On a recent Wednesday morning, a hospital in Portland, Ore., paged Dr. Christina Milano, a family physician, to notify her that one of her patients was in the emergency room. Within a half-hour, another hospital called when the same patient showed up in its ER.

Not long ago, Milano might never have heard about those episodes. But during the past year, clinics, hospitals, county health departments, mental health agencies and other providers across Oregon have made unprecedented efforts to work together to identify patients with heavy ER and inpatient use and offer them health coaching, behavioral health support, pharmacists’ help and timely preventive care through patient-centered medical homes. Now Milano has her patient, who had been visiting ERs up to a dozen times a week, working intensively with a clinic-based social worker.
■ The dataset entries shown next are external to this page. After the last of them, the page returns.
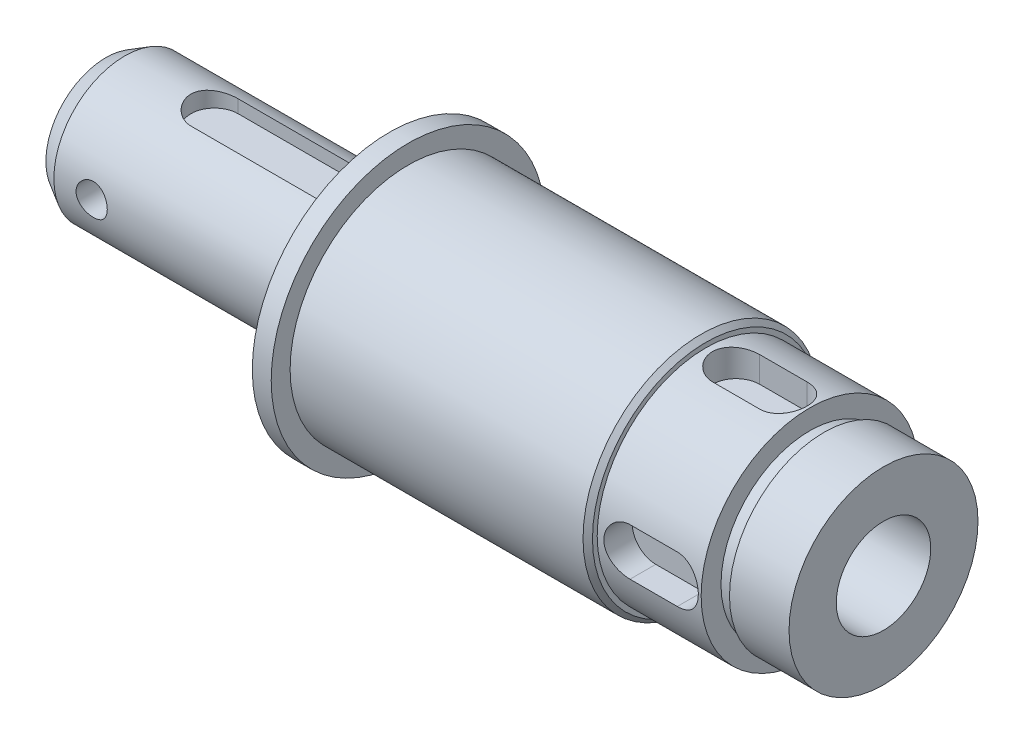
ISO-10303-21;
HEADER;
FILE_DESCRIPTION(('STEP AP214'),'2;1');
FILE_NAME('part.step','',(''),(''),'','','');
FILE_SCHEMA(('AUTOMOTIVE_DESIGN { 1 0 10303 214 1 1 1 1 }'));
ENDSEC;
DATA;
#1=APPLICATION_CONTEXT('core data for automotive mechanical design processes');
#2=APPLICATION_PROTOCOL_DEFINITION('international standard','automotive_design',2000,#1);
#3=PRODUCT_CONTEXT('',#1,'mechanical');
#4=PRODUCT('Part','Part','',(#3));
#5=PRODUCT_RELATED_PRODUCT_CATEGORY('part','',(#4));
#6=PRODUCT_DEFINITION_FORMATION('','',#4);
#7=PRODUCT_DEFINITION_CONTEXT('part definition',#1,'design');
#8=PRODUCT_DEFINITION('design','',#6,#7);
#9=PRODUCT_DEFINITION_SHAPE('','',#8);
#10=(LENGTH_UNIT() NAMED_UNIT(*) SI_UNIT(.MILLI.,.METRE.));
#11=(NAMED_UNIT(*) PLANE_ANGLE_UNIT() SI_UNIT($,.RADIAN.));
#12=(NAMED_UNIT(*) SI_UNIT($,.STERADIAN.) SOLID_ANGLE_UNIT());
#13=UNCERTAINTY_MEASURE_WITH_UNIT(LENGTH_MEASURE(1.E-05),#10,'distance_accuracy_value','');
#14=(GEOMETRIC_REPRESENTATION_CONTEXT(3) GLOBAL_UNCERTAINTY_ASSIGNED_CONTEXT((#13)) GLOBAL_UNIT_ASSIGNED_CONTEXT((#10,
#11,#12)) REPRESENTATION_CONTEXT('',''));
#15=CARTESIAN_POINT('',(0.,0.,0.));
#16=DIRECTION('',(0.,0.,1.));
#17=DIRECTION('',(1.,0.,0.));
#18=AXIS2_PLACEMENT_3D('',#15,#16,#17);
#19=CARTESIAN_POINT('',(0.,0.,0.));
#20=DIRECTION('',(-1.,0.,0.));
#21=DIRECTION('',(0.,0.,1.));
#22=AXIS2_PLACEMENT_3D('',#19,#20,#21);
#23=CYLINDRICAL_SURFACE('',#22,11.5);
#24=CARTESIAN_POINT('',(74.2,0.,11.5));
#25=CARTESIAN_POINT('',(74.1999952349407,-0.138677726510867,11.4999974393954));
#26=CARTESIAN_POINT('',(74.1884221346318,-0.277413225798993,11.4974660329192));
#27=CARTESIAN_POINT('',(74.1424827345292,-0.550944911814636,11.4876122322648));
#28=CARTESIAN_POINT('',(74.1081000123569,-0.685738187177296,11.4802863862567));
#29=CARTESIAN_POINT('',(74.0176680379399,-0.947392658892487,11.4616595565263));
#30=CARTESIAN_POINT('',(73.961641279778,-1.07426193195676,11.4503627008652));
#31=CARTESIAN_POINT('',(73.8295826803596,-1.3167947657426,11.4250137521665));
#32=CARTESIAN_POINT('',(73.7535514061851,-1.43245864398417,11.4109617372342));
#33=CARTESIAN_POINT('',(73.5823655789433,-1.65113687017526,11.3813931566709));
#34=CARTESIAN_POINT('',(73.4869545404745,-1.75394802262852,11.3658586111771));
#35=CARTESIAN_POINT('',(73.280268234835,-1.94224066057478,11.3352028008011));
#36=CARTESIAN_POINT('',(73.1689915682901,-2.02772061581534,11.3200815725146));
#37=CARTESIAN_POINT('',(72.9322333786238,-2.17981857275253,11.2917873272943));
#38=CARTESIAN_POINT('',(72.8066101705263,-2.24622069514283,11.2786373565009));
#39=CARTESIAN_POINT('',(72.545655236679,-2.35689344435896,11.2560323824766));
#40=CARTESIAN_POINT('',(72.4103246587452,-2.40116668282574,11.2465769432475));
#41=CARTESIAN_POINT('',(72.135999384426,-2.46565424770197,11.2326146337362));
#42=CARTESIAN_POINT('',(71.9970930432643,-2.48622809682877,11.2280338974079));
#43=CARTESIAN_POINT('',(71.7177305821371,-2.50385066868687,11.224117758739));
#44=CARTESIAN_POINT('',(71.5772746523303,-2.50090224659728,11.2247817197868));
#45=CARTESIAN_POINT('',(71.3014696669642,-2.47185339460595,11.2312130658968));
#46=CARTESIAN_POINT('',(71.1660741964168,-2.44617020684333,11.2368884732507));
#47=CARTESIAN_POINT('',(70.9015608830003,-2.37304173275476,11.2525578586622));
#48=CARTESIAN_POINT('',(70.7724433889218,-2.32559523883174,11.2625520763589));
#49=CARTESIAN_POINT('',(70.5229760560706,-2.20990273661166,11.2858238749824));
#50=CARTESIAN_POINT('',(70.4027032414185,-2.1414959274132,11.299126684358));
#51=CARTESIAN_POINT('',(70.1751891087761,-1.98593770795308,11.3275012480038));
#52=CARTESIAN_POINT('',(70.0679495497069,-1.89878377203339,11.3425732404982));
#53=CARTESIAN_POINT('',(69.8671434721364,-1.70599474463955,11.3731828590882));
#54=CARTESIAN_POINT('',(69.7739178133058,-1.60000476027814,11.3887235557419));
#55=CARTESIAN_POINT('',(69.6065096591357,-1.37371962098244,11.4182263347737));
#56=CARTESIAN_POINT('',(69.5323275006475,-1.25342421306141,11.4321883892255));
#57=CARTESIAN_POINT('',(69.4050294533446,-1.00152969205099,11.4570051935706));
#58=CARTESIAN_POINT('',(69.3519578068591,-0.869907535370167,11.4678534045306));
#59=CARTESIAN_POINT('',(69.2687792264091,-0.599325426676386,11.4851715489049));
#60=CARTESIAN_POINT('',(69.2386689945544,-0.46036653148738,11.4916421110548));
#61=CARTESIAN_POINT('',(69.202762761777,-0.181979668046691,11.4993865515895));
#62=CARTESIAN_POINT('',(69.1965010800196,-0.0426144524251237,11.5007599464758));
#63=CARTESIAN_POINT('',(69.2072080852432,0.235170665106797,11.4984339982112));
#64=CARTESIAN_POINT('',(69.2241752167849,0.373590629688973,11.4947349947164));
#65=CARTESIAN_POINT('',(69.2804720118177,0.644016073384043,11.4827426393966));
#66=CARTESIAN_POINT('',(69.3195578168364,0.776074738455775,11.474499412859));
#67=CARTESIAN_POINT('',(69.4187120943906,1.03176169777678,11.4543411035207));
#68=CARTESIAN_POINT('',(69.4787823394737,1.15538927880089,11.4424257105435));
#69=CARTESIAN_POINT('',(69.6191733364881,1.39263316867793,11.4159991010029));
#70=CARTESIAN_POINT('',(69.6997681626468,1.50608338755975,11.4014535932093));
#71=CARTESIAN_POINT('',(69.8785591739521,1.71801618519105,11.3714509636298));
#72=CARTESIAN_POINT('',(69.9767576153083,1.81649684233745,11.3559937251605));
#73=CARTESIAN_POINT('',(70.190104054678,1.99753288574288,11.325566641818));
#74=CARTESIAN_POINT('',(70.3055278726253,2.07976600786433,11.310610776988));
#75=CARTESIAN_POINT('',(70.5488215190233,2.22368179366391,11.2832011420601));
#76=CARTESIAN_POINT('',(70.6766908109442,2.2853653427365,11.2707472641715));
#77=CARTESIAN_POINT('',(70.9405621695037,2.38601708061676,11.2498696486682));
#78=CARTESIAN_POINT('',(71.0765138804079,2.42511238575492,11.2414234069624));
#79=CARTESIAN_POINT('',(71.3532639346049,2.47985131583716,11.2294762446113));
#80=CARTESIAN_POINT('',(71.4940615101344,2.49549863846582,11.2259745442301));
#81=CARTESIAN_POINT('',(71.7732583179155,2.50274155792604,11.2243616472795));
#82=CARTESIAN_POINT('',(71.9116438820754,2.49484798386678,11.2261359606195));
#83=CARTESIAN_POINT('',(72.1850625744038,2.45637409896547,11.2346164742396));
#84=CARTESIAN_POINT('',(72.3200957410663,2.42579404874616,11.2413226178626));
#85=CARTESIAN_POINT('',(72.5825767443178,2.34306069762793,11.2588557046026));
#86=CARTESIAN_POINT('',(72.7100487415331,2.29098087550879,11.2696686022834));
#87=CARTESIAN_POINT('',(72.9545220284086,2.16678978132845,11.2942025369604));
#88=CARTESIAN_POINT('',(73.0715222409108,2.09467645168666,11.3079238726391));
#89=CARTESIAN_POINT('',(73.2942508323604,1.93076731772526,11.3370712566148));
#90=CARTESIAN_POINT('',(73.3997073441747,1.83860709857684,11.3525258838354));
#91=CARTESIAN_POINT('',(73.5938260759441,1.63795982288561,11.3832055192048));
#92=CARTESIAN_POINT('',(73.6824844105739,1.52946899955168,11.3984304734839));
#93=CARTESIAN_POINT('',(73.841573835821,1.29756952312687,11.4271660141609));
#94=CARTESIAN_POINT('',(73.9117574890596,1.17398793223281,11.4406522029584));
#95=CARTESIAN_POINT('',(74.0302458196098,0.916515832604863,11.4641462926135));
#96=CARTESIAN_POINT('',(74.0785689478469,0.782634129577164,11.4741571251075));
#97=CARTESIAN_POINT('',(74.1432968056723,0.540505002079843,11.4877745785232));
#98=CARTESIAN_POINT('',(74.1645201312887,0.433572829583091,11.4923308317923));
#99=CARTESIAN_POINT('',(74.1928732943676,0.217772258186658,11.4984444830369));
#100=CARTESIAN_POINT('',(74.2000037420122,0.108903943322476,11.5000020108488));
#101=CARTESIAN_POINT('',(74.2,0.,11.5));
#102=B_SPLINE_CURVE_WITH_KNOTS('',3,(#24,#25,#26,#27,#28,#29,#30,#31,#32,#33,#34,#35,#36,#37,
#38,#39,#40,#41,#42,#43,#44,#45,#46,#47,#48,#49,#50,#51,#52,#53,#54,#55,#56,#57,#58,#59,#60,#61,
#62,#63,#64,#65,#66,#67,#68,#69,#70,#71,#72,#73,#74,#75,#76,#77,#78,#79,#80,#81,#82,#83,#84,#85,
#86,#87,#88,#89,#90,#91,#92,#93,#94,#95,#96,#97,#98,#99,#100,#101),.UNSPECIFIED.,.T.,.F.,(4,2,2,
2,2,2,2,2,2,2,2,2,2,2,2,2,2,2,2,2,2,2,2,2,2,2,2,2,2,2,2,2,2,2,2,2,2,2,4),(0.,0.415634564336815,
0.831568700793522,1.2470717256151,1.66256297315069,2.08396070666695,2.50539563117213,
2.93142680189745,3.35740768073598,3.77683755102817,4.19621651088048,4.60805475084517,
5.01991584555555,5.43501926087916,5.85017863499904,6.2742029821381,6.69823482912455,
7.12315071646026,7.54800556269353,7.96452059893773,8.38100774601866,8.79299016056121,
9.20500738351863,9.62284481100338,10.0407358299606,10.4662282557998,10.8917023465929,
11.3147581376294,11.7377472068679,12.151624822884,12.5654976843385,12.9779676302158,
13.390479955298,13.8112329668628,14.2320831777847,14.6583121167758,15.0841806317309,
15.4105935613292,15.73699235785),.UNSPECIFIED.);
#103=CARTESIAN_POINT('',(71.7,2.5,11.2249721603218));
#104=VERTEX_POINT('',#103);
#105=CARTESIAN_POINT('',(71.7,-2.5,11.2249721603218));
#106=VERTEX_POINT('',#105);
#107=EDGE_CURVE('E403',#104,#106,#102,.T.);
#108=ORIENTED_EDGE('',*,*,#107,.T.);
#109=DIRECTION('',(-1.,0.,0.));
#110=VECTOR('',#109,1.);
#111=CARTESIAN_POINT('',(0.,-2.5,11.2249721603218));
#112=LINE('',#111,#110);
#113=CARTESIAN_POINT('',(66.7,-2.5,11.2249721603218));
#114=VERTEX_POINT('',#113);
#115=EDGE_CURVE('E425',#106,#114,#112,.T.);
#116=ORIENTED_EDGE('',*,*,#115,.T.);
#117=CARTESIAN_POINT('',(66.7,-2.5,11.2249721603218));
#118=CARTESIAN_POINT('',(66.630573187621,-2.50000770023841,11.2249655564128));
#119=CARTESIAN_POINT('',(66.5611507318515,-2.49710804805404,11.2256161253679));
#120=CARTESIAN_POINT('',(66.4228192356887,-2.48555379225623,11.2281826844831));
#121=CARTESIAN_POINT('',(66.3539101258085,-2.47689998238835,11.2300985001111));
#122=CARTESIAN_POINT('',(66.2172046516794,-2.45391630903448,11.2351424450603));
#123=CARTESIAN_POINT('',(66.1494066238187,-2.439595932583,11.238268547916));
#124=CARTESIAN_POINT('',(66.0153050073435,-2.4054079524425,11.2456354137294));
#125=CARTESIAN_POINT('',(65.9490014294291,-2.38554030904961,11.2498761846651));
#126=CARTESIAN_POINT('',(65.7530213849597,-2.31782041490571,11.2640963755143));
#127=CARTESIAN_POINT('',(65.6261580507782,-2.26183127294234,11.2755783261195));
#128=CARTESIAN_POINT('',(65.3836691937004,-2.12987388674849,11.3012444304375));
#129=CARTESIAN_POINT('',(65.2680454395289,-2.05390250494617,11.3154290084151));
#130=CARTESIAN_POINT('',(65.0493354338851,-1.88277923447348,11.3451653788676));
#131=CARTESIAN_POINT('',(64.9464609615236,-1.78735916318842,11.3607343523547));
#132=CARTESIAN_POINT('',(64.7580416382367,-1.58062227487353,11.3913359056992));
#133=CARTESIAN_POINT('',(64.6724994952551,-1.46930297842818,11.4063684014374));
#134=CARTESIAN_POINT('',(64.5203327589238,-1.2325004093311,11.4343903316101));
#135=CARTESIAN_POINT('',(64.453913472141,-1.10688226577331,11.4473569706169));
#136=CARTESIAN_POINT('',(64.3432109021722,-0.845945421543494,11.4695901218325));
#137=CARTESIAN_POINT('',(64.2989239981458,-0.710628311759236,11.4788572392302));
#138=CARTESIAN_POINT('',(64.234409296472,-0.436350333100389,11.4925259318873));
#139=CARTESIAN_POINT('',(64.213819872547,-0.297478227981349,11.4970005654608));
#140=CARTESIAN_POINT('',(64.1961541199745,-0.0181805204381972,11.5008332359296));
#141=CARTESIAN_POINT('',(64.199075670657,0.12224494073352,11.5001917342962));
#142=CARTESIAN_POINT('',(64.2280800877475,0.398164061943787,11.4939201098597));
#143=CARTESIAN_POINT('',(64.2537726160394,0.533700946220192,11.4883740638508));
#144=CARTESIAN_POINT('',(64.3269676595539,0.798491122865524,11.4730123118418));
#145=CARTESIAN_POINT('',(64.3744709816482,0.927744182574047,11.4631964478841));
#146=CARTESIAN_POINT('',(64.4902863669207,1.17738648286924,11.44026237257));
#147=CARTESIAN_POINT('',(64.5587470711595,1.29770452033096,11.4271206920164));
#148=CARTESIAN_POINT('',(64.7144213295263,1.52528342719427,11.3989770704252));
#149=CARTESIAN_POINT('',(64.8016368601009,1.63254291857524,11.383974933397));
#150=CARTESIAN_POINT('',(64.9944586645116,1.83327306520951,11.3533979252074));
#151=CARTESIAN_POINT('',(65.1004044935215,1.92641695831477,11.3378176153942));
#152=CARTESIAN_POINT('',(65.3266065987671,2.09369957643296,11.3081238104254));
#153=CARTESIAN_POINT('',(65.4468667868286,2.16783308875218,11.294010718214));
#154=CARTESIAN_POINT('',(65.6988261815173,2.29513678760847,11.2688326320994));
#155=CARTESIAN_POINT('',(65.8305633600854,2.34823389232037,11.2577783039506));
#156=CARTESIAN_POINT('',(66.1013046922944,2.43136742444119,11.2401196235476));
#157=CARTESIAN_POINT('',(66.2402976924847,2.46143819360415,11.233508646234));
#158=CARTESIAN_POINT('',(66.4336942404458,2.48635269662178,11.2280042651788));
#159=CARTESIAN_POINT('',(66.4868661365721,2.49147194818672,11.2268686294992));
#160=CARTESIAN_POINT('',(66.5933505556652,2.49829143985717,11.2253531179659));
#161=CARTESIAN_POINT('',(66.6466626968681,2.49999736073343,11.2249719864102));
#162=CARTESIAN_POINT('',(66.7,2.5,11.2249721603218));
#163=B_SPLINE_CURVE_WITH_KNOTS('',3,(#117,#118,#119,#120,#121,#122,#123,#124,#125,#126,#127,
#128,#129,#130,#131,#132,#133,#134,#135,#136,#137,#138,#139,#140,#141,#142,#143,#144,#145,#146,
#147,#148,#149,#150,#151,#152,#153,#154,#155,#156,#157,#158,#159,#160,#161,#162),.UNSPECIFIED.,
.F.,.F.,(4,2,2,2,2,2,2,2,2,2,2,2,2,2,2,2,2,2,2,2,2,2,4),(0.,0.208209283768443,0.416389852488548,
0.624223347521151,0.832058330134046,1.24737482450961,1.662756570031,2.08430932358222,
2.50592788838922,2.93191726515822,3.35783692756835,3.77716703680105,4.19645932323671,
4.60870022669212,5.02095638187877,5.43620702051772,5.85150144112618,6.27528690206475,
6.69918844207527,7.12454999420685,7.54927591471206,7.70947591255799,7.86940906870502),.UNSPECIFIED.);
#164=CARTESIAN_POINT('',(66.7,2.5,11.2249721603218));
#165=VERTEX_POINT('',#164);
#166=EDGE_CURVE('E62',#114,#165,#163,.T.);
#167=ORIENTED_EDGE('',*,*,#166,.T.);
#168=DIRECTION('',(-1.,0.,0.));
#169=VECTOR('',#168,1.);
#170=CARTESIAN_POINT('',(0.,2.5,11.2249721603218));
#171=LINE('',#170,#169);
#172=EDGE_CURVE('E879',#165,#104,#171,.F.);
#173=ORIENTED_EDGE('',*,*,#172,.T.);
#174=EDGE_LOOP('',(#108,#116,#167,#173));
#175=FACE_BOUND('',#174,.T.);
#176=DIRECTION('',(-1.,0.,0.));
#177=VECTOR('',#176,1.);
#178=CARTESIAN_POINT('',(0.,11.2249721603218,2.5));
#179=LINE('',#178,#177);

Oregon policymakers and providers are pioneering an ambitious reform model based on coordinated-care organizations, or CCOs, which bring together previously unaffiliated hospitals, physician groups, mental health agencies and others under a single contract.  These new CCOs, some for-profit and some not-for-profit, will be responsible for providing nearly the full range of health services—medical, dental, psychiatric, addiction treatment, case management—for 627,000 people covered by Medicaid in Oregon.

Oregon’s move tests a key tenet of the federal Affordable Care Act: the notion that locally organized Accountable Care Organizations will pave the way to lower cost, higher quality medicine. And that has put the state in the national spotlight. Full article at ModernHealthcare.com (September 2013)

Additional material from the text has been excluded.